**Exercise description**
Locate, in the data below, the line that contains "cfblk19/1 -> cfblk8/1" and the line that contains "cfblk13/2 -> cfblk38/1"; reproduce exactly those two lines and every line between them, nothing more.

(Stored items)
=====

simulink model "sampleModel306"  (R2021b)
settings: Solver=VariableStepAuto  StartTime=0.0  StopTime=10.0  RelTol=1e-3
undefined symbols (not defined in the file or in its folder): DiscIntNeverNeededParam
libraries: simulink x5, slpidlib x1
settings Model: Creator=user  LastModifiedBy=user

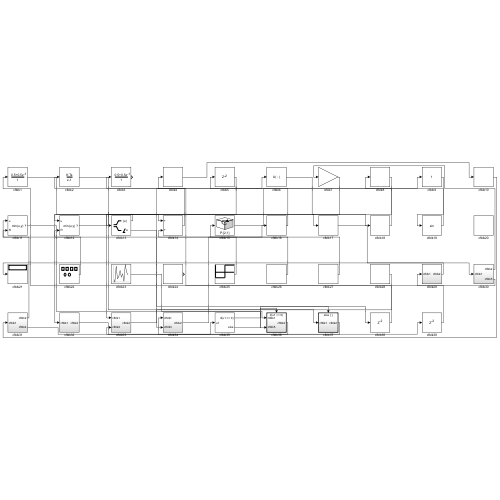
[thumbnail: Simulink's stored preview of the top-level diagram]
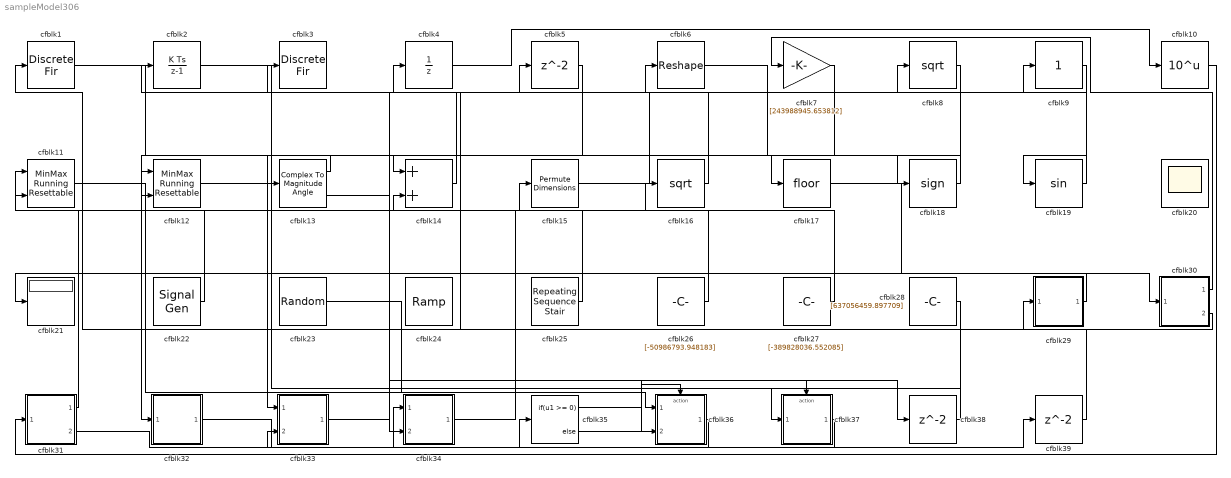
== system sampleModel306 ==
  cfblk1 : DiscreteFir  SampleTime=1
  cfblk10 : Math  Operator=10^u  SaturateOnIntegerOverflow=on
  cfblk11 : simulink/Math Operations/MinMax Running Resettable  Function=min  vinit=0.0
  cfblk12 : simulink/Math Operations/MinMax Running Resettable  Function=min  vinit=0.0
  cfblk13 : ComplexToMagnitudeAngle
  cfblk14 : Sum
  cfblk15 : PermuteDimensions
  cfblk16 : Sqrt  SaturateOnIntegerOverflow=on
  cfblk17 : Rounding
  cfblk18 : Signum
  cfblk19 : Trigonometry
  cfblk2 : DiscreteIntegrator  ICPrevOutput=DiscIntNeverNeededParam  ICPrevScaledInput=DiscIntNeverNeededParam
  cfblk20 : Scope
      settings: Floating=on
  cfblk21 : Display
  cfblk22 : SignalGenerator  WaveForm=square  Amplitude=[-45260389.677650]  Units=rad/sec
  cfblk23 : UniformRandomNumber  Minimum=[-9452381746.863241]  Maximum=[1946186997.231335]  Seed=[5289279.000000]  SampleTime=0.1
  cfblk24 : simulink/Sources/Ramp  slope=[-3910.090914]  start=[46.491464]  InitialOutput=[784005.839942]
  cfblk25 : simulink/Sources/Repeating Sequence Stair  OutValues=[-694649281.166414, 877497449.212925]  tsamp=-1  OutMin=[]  OutMax=[]  OutDataTypeStr=double  OutputDataTypeScalingMode=double  OutDataType=fixdt(0,8)  ConRadixGroup=Best Precision: Vector-wise  OutScaling=2^-12
  cfblk26 : Constant  Value=[-50986793.948183]  SampleTime=1
  cfblk27 : Constant  Value=[-389828036.552085]  SampleTime=1
  cfblk28 : Constant  Value=[637056459.897709]  SampleTime=1
  cfblk29 : Subsystem
  cfblk3 : DiscreteFir  SampleTime=1
  cfblk30 : Subsystem
  cfblk31 : Subsystem
  cfblk32 : Subsystem
  cfblk33 : Subsystem
  cfblk34 : Subsystem
  cfblk35 : If  IfExpression=u1 >= 0  SampleTime=1
  cfblk36 : Subsystem  TreatAsAtomicUnit=on
  cfblk37 : Subsystem  TreatAsAtomicUnit=on
  cfblk38 : Delay  SampleTime=1
  cfblk39 : Delay  SampleTime=1
  cfblk4 : UnitDelay  HasFrameUpgradeWarning=on
  cfblk5 : Delay  SampleTime=1
  cfblk6 : Reshape
  cfblk7 : Gain  Gain=[243988945.653812]
  cfblk8 : Sqrt  SaturateOnIntegerOverflow=on
  cfblk9 : simulink/Math Operations/Slider Gain  gain=1  low=0  high=2
  wires:
  cfblk12/1 -> cfblk14/1
  cfblk17/1 -> cfblk30/1(cfblk1)
  cfblk15/1 -> cfblk9/1
  cfblk11/1 -> cfblk36/1(cfblk1)
  cfblk27/1 -> cfblk14/2
  cfblk25/1 -> cfblk15/1
  cfblk1/1 -> cfblk17/1
  cfblk30/1(cfblk2) -> cfblk7/1
  cfblk37/1(cfblk2) -> cfblk34/1(cfblk1)
  cfblk14/1 -> cfblk2/1
  cfblk5/1 -> cfblk33/1(cfblk1)
  cfblk9/1 -> cfblk19/1
  cfblk32/1(cfblk2) -> cfblk35/1
  cfblk33/1(cfblk2) -> cfblk6/1
  cfblk2/1 -> cfblk37/1(cfblk1)
  cfblk8/1 -> cfblk32/1(cfblk1)
  cfblk31/1(cfblk2) -> cfblk11/1
  cfblk36/1(cfblk2) -> cfblk33/2(cfblk4)
  cfblk26/1 -> cfblk11/2
  cfblk10/1 -> cfblk31/1(cfblk1)
  cfblk13/1 -> cfblk12/1
  cfblk16/1 -> cfblk5/1
  cfblk34/1(cfblk2) -> cfblk16/1
  cfblk28/1 -> cfblk34/2(cfblk3)
  cfblk6/1 -> cfblk18/1
  cfblk7/1 -> cfblk13/1
  cfblk4/1 -> cfblk10/1
  cfblk19/1 -> cfblk8/1
  cfblk22/1 -> cfblk12/2
  cfblk29/1(cfblk2) -> cfblk21/1
  cfblk23/1 -> cfblk36/2(cfblk5)
  cfblk18/1 -> cfblk3/1
  cfblk30/2(cfblk5) -> cfblk29/1(cfblk1)
  cfblk35/1 -> cfblk36/Action
  cfblk35/2 -> cfblk37/Action
  cfblk13/2 -> cfblk38/1
  cfblk38/1 -> cfblk1/1
  cfblk31/2(cfblk4) -> cfblk39/1
  cfblk39/1 -> cfblk4/1

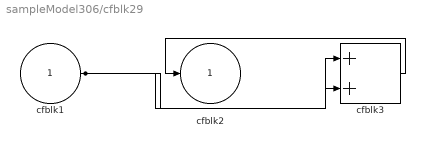
== system sampleModel306/cfblk29 ==
  cfblk1 : Inport
  cfblk3 : Sum
  cfblk2 : Outport
  wires:
  cfblk3/1 -> cfblk2/1
  cfblk1/1 -> cfblk3/1, cfblk3/2

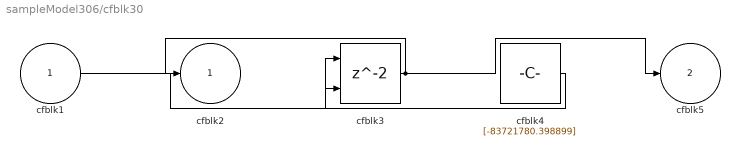
== system sampleModel306/cfblk30 ==
  cfblk1 : Inport
  cfblk3 : Delay  ShowEnablePort=on  SampleTime=1
      settings: InputPortMap=u0,e6
  cfblk4 : Constant  Value=[-83721780.398899]  SampleTime=1
  cfblk2 : Outport
  cfblk5 : Outport  Port=2
  wires:
  cfblk3/1 -> cfblk5/1, cfblk2/1
  cfblk4/1 -> cfblk3/1
  cfblk1/1 -> cfblk3/2

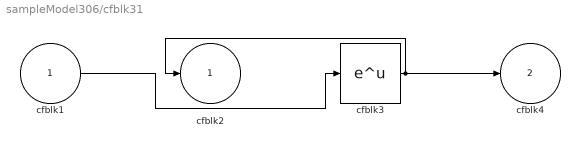
== system sampleModel306/cfblk31 ==
  cfblk1 : Inport
  cfblk3 : Math  SaturateOnIntegerOverflow=on
  cfblk2 : Outport
  cfblk4 : Outport  Port=2
  wires:
  cfblk3/1 -> cfblk2/1, cfblk4/1
  cfblk1/1 -> cfblk3/1

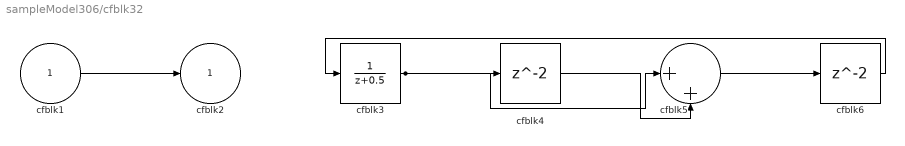
== system sampleModel306/cfblk32 ==
  cfblk1 : Inport
  cfblk3 : DiscreteTransferFcn  SampleTime=1
  cfblk4 : Delay  SampleTime=1
  cfblk5 : Sum  Inputs=|++
  cfblk6 : Delay  SampleTime=1
  cfblk2 : Outport
  wires:
  cfblk1/1 -> cfblk2/1
  cfblk3/1 -> cfblk5/1, cfblk4/1
  cfblk4/1 -> cfblk5/2
  cfblk5/1 -> cfblk6/1
  cfblk6/1 -> cfblk3/1

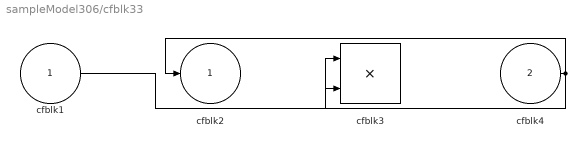
== system sampleModel306/cfblk33 ==
  cfblk1 : Inport
  cfblk4 : Inport  Port=2
  cfblk3 : Product
  cfblk2 : Outport
  wires:
  cfblk4/1 -> cfblk2/1, cfblk3/2
  cfblk1/1 -> cfblk3/1

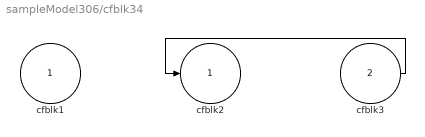
== system sampleModel306/cfblk34 ==
  cfblk1 : Inport
  cfblk3 : Inport  Port=2
  cfblk2 : Outport
  wires:
  cfblk3/1 -> cfblk2/1

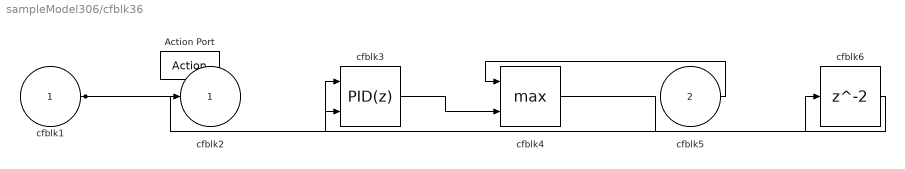
== system sampleModel306/cfblk36 ==
  cfblk1 : Inport
  cfblk5 : Inport  Port=2
  Action Port : ActionPort  ActionPortLabel=if(u1 >= 0)
  cfblk3 : slpidlib/PID Controller (2DOF)  Controller=PID  Form=Parallel  TimeDomain=Discrete-time  UseExternalTs=off  SampleTime=-1  IntegratorMethod=Forward Euler  FilterMethod=Forward Euler  ControllerParametersSource=internal  P=1  I=1  D=0  UseFilter=on  N=100  b=1  c=1  TunerSelectOption=Transfer Function Based (PID Tuner App)  InitialConditionSource=internal  InitialConditionForIntegrator=0  InitialConditionForFilter=0  DifferentiatorICPrevScaledInput=0  ExternalReset=none  TrackingMode=off  Kt=1  LimitOutput=off  SatLimitsSource=internal  UpperSaturationLimit=inf  LowerSaturationLimit=-inf  LinearizeAsGain=off  AntiWindupMode=none  Kb=1  POutMin=[]  POutMax=[]  IOutMin=[]  IOutMax=[]  DOutMin=[]  DOutMax=[]  NOutMin=[]  NOutMax=[]  bOutMin=[]  bOutMax=[]  cOutMin=[]  cOutMax=[]  SumOutMin=[]  SumOutMax=[]  SaturationOutMin=[]  SaturationOutMax=[]  PParamMin=[]  PParamMax=[]  IParamMin=[]  IParamMax=[]  DParamMin=[]  DParamMax=[]  NParamMin=[]  NParamMax=[]  bParamMin=[]  bParamMax=[]  cParamMin=[]  cParamMax=[]  KbParamMin=[]  KbParamMax=[]  KtParamMin=[]  KtParamMax=[]  KbOutMin=[]  KbOutMax=[]  KtOutMin=[]  KtOutMax=[]  IntegratorOutMin=[]  IntegratorOutMax=[]  FilterOutMin=[]  FilterOutMax=[]  SumI1OutMin=[]  SumI1OutMax=[]  SumI2OutMin=[]  SumI2OutMax=[]  SumI3OutMin=[]  SumI3OutMax=[]  SumI4OutMin=[]  SumI4OutMax=[]  SumDOutMin=[]  SumDOutMax=[]  Sum1OutMin=[]  Sum1OutMax=[]  Sum2OutMin=[]  Sum2OutMax=[]  Sum3OutMin=[]  Sum3OutMax=[]  DifferentiatorOutMin=[]  DifferentiatorOutMax=[]  FilterDiffOutCoefMin=[]  FilterDiffOutCoefMax=[]  ReciprocalOutMin=[]  ReciprocalOutMax=[]  SumDenOutMin=[]  SumDenOutMax=[]  SumNumOutMin=[]  SumNumOutMax=[]  DivideOutMin=[]  DivideOutMax=[]  UdiffTsProdOutMin=[]  UdiffTsProdOutMax=[]  NTsProdOutMin=[]  NTsProdOutMax=[]  UintegralTsProdOutMin=[]  UintegralTsProdOutMax=[]  UngainTsProdOutMin=[]  UngainTsProdOutMax=[]  IntegratorContinuousStateAttributes=''  IntegratorStateMustResolveToSignalObject=off  IntegratorRTWStateStorageClass=Auto  FilterContinuousStateAttributes=''  FilterStateMustResolveToSignalObject=off  FilterRTWStateStorageClass=Auto  ParallelPVariant=InternalParameters  IdealPVariant=Disabled  IVariant=InternalParameters  DVariant=InternalParameters  bVariant=InternalParameters  cVariant=InternalParameters  IntegratorVariant=Discrete  SatVariant=Disabled  AWVariant=Passthrough  PCopyVariant=Disabled  TRVariant=Disabled  FdbkBlocksVariant=Forward  IdealPFdbkVariant=Disabled  SatFdbkVariant=Disabled  DerivativeFilterVariant=ForwardEulerFilter  NVariant=InternalParameters  NCopyVariant=Disabled  FilterICVariant=InternalICsFilter  IntegratorICVariant=InternalICs  ExternalResetVariant=Disabled  TRSumVariant=Passthrough  SumFdbkVariant=Disabled  SumVariant=Sum_PID  TsampFilterVariant=InternalTs  TsampNgainVariant=Passthrough  TsampIntegralVariant=Passthrough  ExternalSaturationOutDataTypeStr=Inherit: Same as second input
      settings: SourceProductBaseCode=SL
  cfblk4 : MinMax  Function=max  Inputs=2
  cfblk6 : Delay
  cfblk2 : Outport
  wires:
  cfblk1/1 -> cfblk3/1, cfblk2/1
  cfblk5/1 -> cfblk4/1
  cfblk3/1 -> cfblk4/2
  cfblk4/1 -> cfblk6/1
  cfblk6/1 -> cfblk3/2

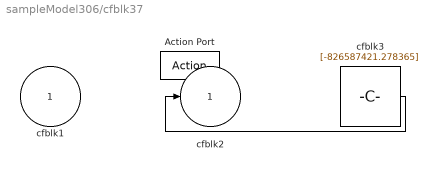
== system sampleModel306/cfblk37 ==
  cfblk1 : Inport
  Action Port : ActionPort  ActionPortLabel=else
  cfblk3 : Constant  Value=[-826587421.278365]  SampleTime=1
  cfblk2 : Outport
  wires:
  cfblk3/1 -> cfblk2/1

=====

**Answer to this task**
  cfblk19/1 -> cfblk8/1
  cfblk22/1 -> cfblk12/2
  cfblk29/1(cfblk2) -> cfblk21/1
  cfblk23/1 -> cfblk36/2(cfblk5)
  cfblk18/1 -> cfblk3/1
  cfblk30/2(cfblk5) -> cfblk29/1(cfblk1)
  cfblk35/1 -> cfblk36/Action
  cfblk35/2 -> cfblk37/Action
  cfblk13/2 -> cfblk38/1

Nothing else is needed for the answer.